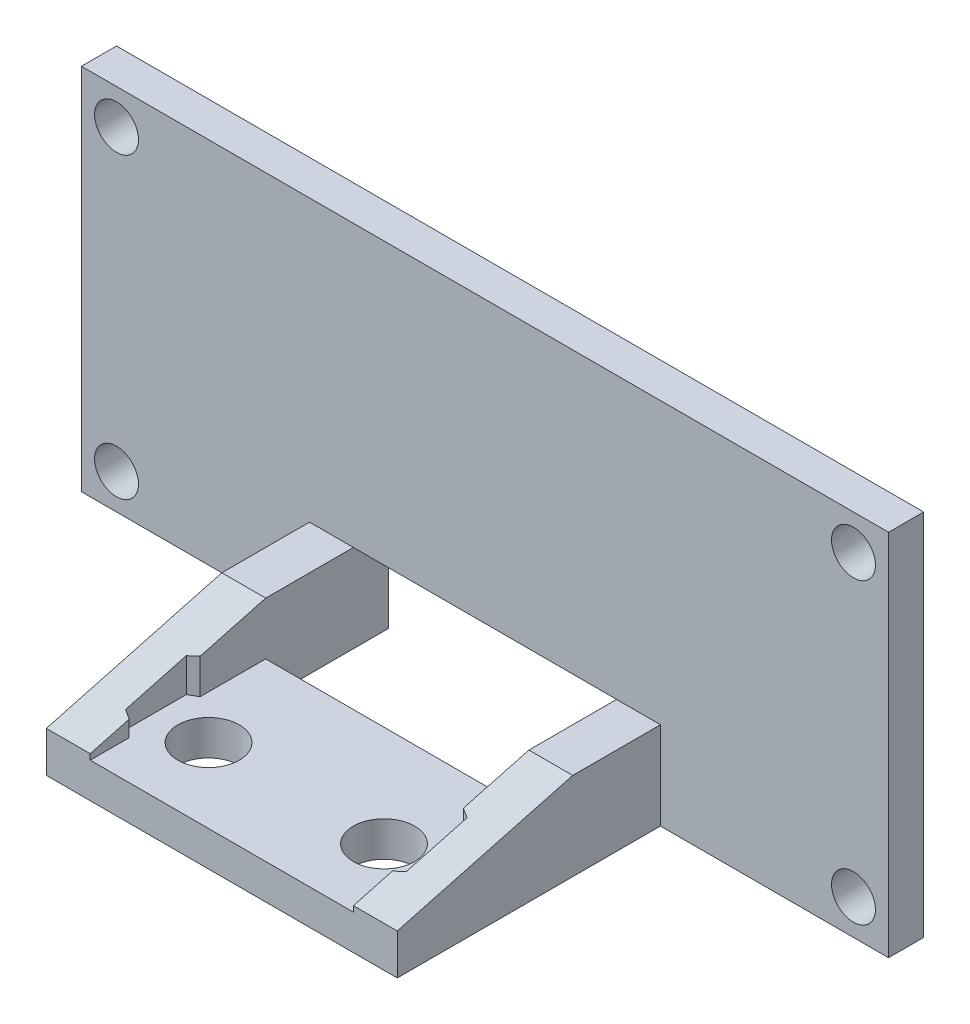
ISO-10303-21;
HEADER;
FILE_DESCRIPTION(('STEP AP214'),'2;1');
FILE_NAME('part.step','',(''),(''),'','','');
FILE_SCHEMA(('AUTOMOTIVE_DESIGN { 1 0 10303 214 1 1 1 1 }'));
ENDSEC;
DATA;
#1=APPLICATION_CONTEXT('core data for automotive mechanical design processes');
#2=APPLICATION_PROTOCOL_DEFINITION('international standard','automotive_design',2000,#1);
#3=PRODUCT_CONTEXT('',#1,'mechanical');
#4=PRODUCT('Part','Part','',(#3));
#5=PRODUCT_RELATED_PRODUCT_CATEGORY('part','',(#4));
#6=PRODUCT_DEFINITION_FORMATION('','',#4);
#7=PRODUCT_DEFINITION_CONTEXT('part definition',#1,'design');
#8=PRODUCT_DEFINITION('design','',#6,#7);
#9=PRODUCT_DEFINITION_SHAPE('','',#8);
#10=(LENGTH_UNIT() NAMED_UNIT(*) SI_UNIT(.MILLI.,.METRE.));
#11=(NAMED_UNIT(*) PLANE_ANGLE_UNIT() SI_UNIT($,.RADIAN.));
#12=(NAMED_UNIT(*) SI_UNIT($,.STERADIAN.) SOLID_ANGLE_UNIT());
#13=UNCERTAINTY_MEASURE_WITH_UNIT(LENGTH_MEASURE(1.E-05),#10,'distance_accuracy_value','');
#14=(GEOMETRIC_REPRESENTATION_CONTEXT(3) GLOBAL_UNCERTAINTY_ASSIGNED_CONTEXT((#13)) GLOBAL_UNIT_ASSIGNED_CONTEXT((#10,
#11,#12)) REPRESENTATION_CONTEXT('',''));
#15=CARTESIAN_POINT('',(0.,0.,0.));
#16=DIRECTION('',(0.,0.,1.));
#17=DIRECTION('',(1.,0.,0.));
#18=AXIS2_PLACEMENT_3D('',#15,#16,#17);
#19=CARTESIAN_POINT('',(7.5,0.,2.));
#20=DIRECTION('',(1.,0.,0.));
#21=DIRECTION('',(0.,1.,0.));
#22=AXIS2_PLACEMENT_3D('',#19,#20,#21);
#23=PLANE('',#22);
#24=DIRECTION('',(0.,1.,0.));
#25=VECTOR('',#24,1.);
#26=CARTESIAN_POINT('',(7.5,0.,14.7766332552221));
#27=LINE('',#26,#25);
#28=CARTESIAN_POINT('',(7.5,-8.5,14.7766332552221));
#29=VERTEX_POINT('',#28);
#30=CARTESIAN_POINT('',(7.5,-7.5837426005698,14.7766332552221));
#31=VERTEX_POINT('',#30);
#32=EDGE_CURVE('E271',#29,#31,#27,.T.);
#33=ORIENTED_EDGE('',*,*,#32,.F.);
#34=DIRECTION('',(0.,0.,1.));
#35=VECTOR('',#34,1.);
#36=CARTESIAN_POINT('',(7.5,-8.5,7.));
#37=LINE('',#36,#35);
#38=CARTESIAN_POINT('',(7.5,-8.5,17.));
#39=VERTEX_POINT('',#38);
#40=EDGE_CURVE('E232',#29,#39,#37,.T.);
#41=ORIENTED_EDGE('',*,*,#40,.T.);
#42=DIRECTION('',(0.,-1.,0.));
#43=VECTOR('',#42,1.);
#44=CARTESIAN_POINT('',(7.5,-10.5,17.));
#45=LINE('',#44,#43);
#46=CARTESIAN_POINT('',(7.5,-8.17949192431123,17.));
#47=VERTEX_POINT('',#46);
#48=EDGE_CURVE('E366',#47,#39,#45,.T.);
#49=ORIENTED_EDGE('',*,*,#48,.F.);
#50=DIRECTION('',(0.,-0.258819045102518,0.965925826289069));
#51=VECTOR('',#50,1.);
#52=CARTESIAN_POINT('',(7.5,-8.17949192431123,17.));
#53=LINE('',#52,#51);
#54=EDGE_CURVE('E486',#47,#31,#53,.F.);
#55=ORIENTED_EDGE('',*,*,#54,.T.);
#56=EDGE_LOOP('',(#33,#41,#49,#55));
#57=FACE_BOUND('',#56,.T.);
#58=ADVANCED_FACE('F45',(#57),#23,.F.);
#59=DIRECTION('',(0.,-1.,0.));
#60=VECTOR('',#59,1.);
#61=CARTESIAN_POINT('',(7.5,0.,10.7351813708948));
#62=LINE('',#61,#60);
#63=CARTESIAN_POINT('',(7.5,-6.50083883191505,10.7351813708947));
#64=VERTEX_POINT('',#63);
#65=CARTESIAN_POINT('',(7.5,-8.5,10.7351813708948));
#66=VERTEX_POINT('',#65);
#67=EDGE_CURVE('E268',#64,#66,#62,.T.);
#68=ORIENTED_EDGE('',*,*,#67,.F.);
#69=CARTESIAN_POINT('',(7.5,-5.5,6.99999999999987));
#70=VERTEX_POINT('',#69);
#71=EDGE_CURVE('E485',#64,#70,#53,.F.);
#72=ORIENTED_EDGE('',*,*,#71,.T.);
#73=DIRECTION('',(0.,0.,-1.));
#74=VECTOR('',#73,1.);
#75=CARTESIAN_POINT('',(7.5,-5.5,17.));
#76=LINE('',#75,#74);
#77=CARTESIAN_POINT('',(7.5,-5.5,2.));
#78=VERTEX_POINT('',#77);
#79=EDGE_CURVE('E357',#70,#78,#76,.T.);
#80=ORIENTED_EDGE('',*,*,#79,.T.);
#81=DIRECTION('',(0.,0.,-1.));
#82=VECTOR('',#81,1.);
#83=CARTESIAN_POINT('',(7.5,-5.5,2.));
#84=LINE('',#83,#82);
#85=CARTESIAN_POINT('',(7.5,-5.5,0.));
#86=VERTEX_POINT('',#85);
#87=EDGE_CURVE('E473',#78,#86,#84,.T.);
#88=ORIENTED_EDGE('',*,*,#87,.T.);
#89=DIRECTION('',(0.,-1.,0.));
#90=VECTOR('',#89,1.);
#91=CARTESIAN_POINT('',(7.5,0.,0.));
#92=LINE('',#91,#90);
#93=CARTESIAN_POINT('',(7.5,-10.5,0.));
#94=VERTEX_POINT('',#93);
#95=EDGE_CURVE('E428',#86,#94,#92,.T.);
#96=ORIENTED_EDGE('',*,*,#95,.T.);
#97=DIRECTION('',(0.,0.,-1.));
#98=VECTOR('',#97,1.);
#99=CARTESIAN_POINT('',(7.5,-10.5,2.));
#100=LINE('',#99,#98);
#101=CARTESIAN_POINT('',(7.5,-10.5,7.));
#102=VERTEX_POINT('',#101);
#103=EDGE_CURVE('E470',#102,#94,#100,.T.);
#104=ORIENTED_EDGE('',*,*,#103,.F.);
#105=DIRECTION('',(0.,1.,0.));
#106=VECTOR('',#105,1.);
#107=CARTESIAN_POINT('',(7.5,-10.5,7.));
#108=LINE('',#107,#106);
#109=CARTESIAN_POINT('',(7.5,-8.5,7.));
#110=VERTEX_POINT('',#109);
#111=EDGE_CURVE('E331',#102,#110,#108,.T.);
#112=ORIENTED_EDGE('',*,*,#111,.T.);
#113=EDGE_CURVE('E348',#110,#66,#37,.T.);
#114=ORIENTED_EDGE('',*,*,#113,.T.);
#115=EDGE_LOOP('',(#68,#72,#80,#88,#96,#104,#112,#114));
#116=FACE_BOUND('',#115,.T.);
#117=ADVANCED_FACE('F530',(#116),#23,.F.);
#118=CARTESIAN_POINT('',(-7.5,0.,2.));
#119=DIRECTION('',(1.,0.,0.));
#120=DIRECTION('',(0.,0.,-1.));
#121=AXIS2_PLACEMENT_3D('',#118,#119,#120);
#122=PLANE('',#121);
#123=DIRECTION('',(0.,0.,1.));
#124=VECTOR('',#123,1.);
#125=CARTESIAN_POINT('',(-7.5,-8.5,7.));
#126=LINE('',#125,#124);
#127=CARTESIAN_POINT('',(-7.5,-8.5,14.7766332552221));
#128=VERTEX_POINT('',#127);
#129=CARTESIAN_POINT('',(-7.5,-8.5,17.));
#130=VERTEX_POINT('',#129);
#131=EDGE_CURVE('E347',#128,#130,#126,.T.);
#132=ORIENTED_EDGE('',*,*,#131,.F.);
#133=DIRECTION('',(0.,1.,0.));
#134=VECTOR('',#133,1.);
#135=CARTESIAN_POINT('',(-7.5,0.,14.7766332552221));
#136=LINE('',#135,#134);
#137=CARTESIAN_POINT('',(-7.5,-7.58374260056979,14.7766332552221));
#138=VERTEX_POINT('',#137);
#139=EDGE_CURVE('E264',#128,#138,#136,.T.);
#140=ORIENTED_EDGE('',*,*,#139,.T.);
#141=DIRECTION('',(0.,0.258819045102518,-0.965925826289069));
#142=VECTOR('',#141,1.);
#143=CARTESIAN_POINT('',(-7.5,-3.88156986040726,0.959936490538901));
#144=LINE('',#143,#142);
#145=CARTESIAN_POINT('',(-7.5,-8.17949192431123,17.));
#146=VERTEX_POINT('',#145);
#147=EDGE_CURVE('E502',#138,#146,#144,.F.);
#148=ORIENTED_EDGE('',*,*,#147,.T.);
#149=DIRECTION('',(0.,1.,0.));
#150=VECTOR('',#149,1.);
#151=CARTESIAN_POINT('',(-7.5,-10.5,17.));
#152=LINE('',#151,#150);
#153=EDGE_CURVE('E384',#130,#146,#152,.T.);
#154=ORIENTED_EDGE('',*,*,#153,.F.);
#155=EDGE_LOOP('',(#132,#140,#148,#154));
#156=FACE_BOUND('',#155,.T.);
#157=ADVANCED_FACE('F591',(#156),#122,.T.);
#158=CARTESIAN_POINT('',(-7.5,-5.5,6.99999999999987));
#159=VERTEX_POINT('',#158);
#160=CARTESIAN_POINT('',(-7.5,-6.50083883191505,10.7351813708948));
#161=VERTEX_POINT('',#160);
#162=EDGE_CURVE('E503',#159,#161,#144,.F.);
#163=ORIENTED_EDGE('',*,*,#162,.T.);
#164=DIRECTION('',(0.,-1.,0.));
#165=VECTOR('',#164,1.);
#166=CARTESIAN_POINT('',(-7.5,0.,10.7351813708948));
#167=LINE('',#166,#165);
#168=CARTESIAN_POINT('',(-7.5,-8.5,10.7351813708948));
#169=VERTEX_POINT('',#168);
#170=EDGE_CURVE('E222',#161,#169,#167,.T.);
#171=ORIENTED_EDGE('',*,*,#170,.T.);
#172=CARTESIAN_POINT('',(-7.5,-8.5,7.));
#173=VERTEX_POINT('',#172);
#174=EDGE_CURVE('E342',#173,#169,#126,.T.);
#175=ORIENTED_EDGE('',*,*,#174,.F.);
#176=DIRECTION('',(0.,-1.,0.));
#177=VECTOR('',#176,1.);
#178=CARTESIAN_POINT('',(-7.5,-10.5,7.));
#179=LINE('',#178,#177);
#180=CARTESIAN_POINT('',(-7.5,-10.5,7.));
#181=VERTEX_POINT('',#180);
#182=EDGE_CURVE('E323',#173,#181,#179,.T.);
#183=ORIENTED_EDGE('',*,*,#182,.T.);
#184=DIRECTION('',(0.,0.,-1.));
#185=VECTOR('',#184,1.);
#186=CARTESIAN_POINT('',(-7.5,-10.5,2.));
#187=LINE('',#186,#185);
#188=CARTESIAN_POINT('',(-7.5,-10.5,0.));
#189=VERTEX_POINT('',#188);
#190=EDGE_CURVE('E454',#181,#189,#187,.T.);
#191=ORIENTED_EDGE('',*,*,#190,.T.);
#192=DIRECTION('',(0.,-1.,0.));
#193=VECTOR('',#192,1.);
#194=CARTESIAN_POINT('',(-7.5,0.,0.));
#195=LINE('',#194,#193);
#196=CARTESIAN_POINT('',(-7.5,-5.5,0.));
#197=VERTEX_POINT('',#196);
#198=EDGE_CURVE('E410',#197,#189,#195,.T.);
#199=ORIENTED_EDGE('',*,*,#198,.F.);
#200=DIRECTION('',(0.,0.,-1.));
#201=VECTOR('',#200,1.);
#202=CARTESIAN_POINT('',(-7.5,-5.5,2.));
#203=LINE('',#202,#201);
#204=CARTESIAN_POINT('',(-7.5,-5.5,2.));
#205=VERTEX_POINT('',#204);
#206=EDGE_CURVE('E451',#205,#197,#203,.T.);
#207=ORIENTED_EDGE('',*,*,#206,.F.);
#208=DIRECTION('',(0.,0.,-1.));
#209=VECTOR('',#208,1.);
#210=CARTESIAN_POINT('',(-7.5,-5.5,17.));
#211=LINE('',#210,#209);
#212=EDGE_CURVE('E397',#159,#205,#211,.T.);
#213=ORIENTED_EDGE('',*,*,#212,.F.);
#214=EDGE_LOOP('',(#163,#171,#175,#183,#191,#199,#207,#213));
#215=FACE_BOUND('',#214,.T.);
#216=ADVANCED_FACE('F539',(#215),#122,.T.);
#217=CARTESIAN_POINT('',(0.,-8.17949192431123,17.));
#218=DIRECTION('',(0.,-0.965925826289069,-0.258819045102518));
#219=DIRECTION('',(-1.,0.,0.));
#220=AXIS2_PLACEMENT_3D('',#217,#218,#219);
#221=PLANE('',#220);
#222=DIRECTION('',(0.,0.258819045102518,-0.965925826289069));
#223=VECTOR('',#222,1.);
#224=CARTESIAN_POINT('',(8.,-8.17949192431123,17.));
#225=LINE('',#224,#223);
#226=CARTESIAN_POINT('',(8.,-6.57818910110467,11.0238565054896));
#227=VERTEX_POINT('',#226);
#228=CARTESIAN_POINT('',(8.,-7.50639233138017,14.4879581206273));
#229=VERTEX_POINT('',#228);
#230=EDGE_CURVE('E55',#227,#229,#225,.F.);
#231=ORIENTED_EDGE('',*,*,#230,.T.);
#232=DIRECTION('',(0.858356263574049,0.132788176096107,-0.495572219835078));
#233=VECTOR('',#232,1.);
#234=CARTESIAN_POINT('',(0.960510458879897,-8.59540515330655,18.5522093021506));
#235=LINE('',#234,#233);
#236=EDGE_CURVE('E11',#229,#31,#235,.F.);
#237=ORIENTED_EDGE('',*,*,#236,.T.);
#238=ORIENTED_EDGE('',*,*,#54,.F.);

+++

• [Task brief] For the material above, reproduce exactly the lines from the line with "#210=CARTESIAN_POINT('',(-7.5,-5.5,17.));" to the line with "#221=PLANE('',#220);", inclusive, and exclude all others.

• [Written answer]
#210=CARTESIAN_POINT('',(-7.5,-5.5,17.));
#211=LINE('',#210,#209);
#212=EDGE_CURVE('E397',#159,#205,#211,.T.);
#213=ORIENTED_EDGE('',*,*,#212,.F.);
#214=EDGE_LOOP('',(#163,#171,#175,#183,#191,#199,#207,#213));
#215=FACE_BOUND('',#214,.T.);
#216=ADVANCED_FACE('F539',(#215),#122,.T.);
#217=CARTESIAN_POINT('',(0.,-8.17949192431123,17.));
#218=DIRECTION('',(0.,-0.965925826289069,-0.258819045102518));
#219=DIRECTION('',(-1.,0.,0.));
#220=AXIS2_PLACEMENT_3D('',#217,#218,#219);
#221=PLANE('',#220);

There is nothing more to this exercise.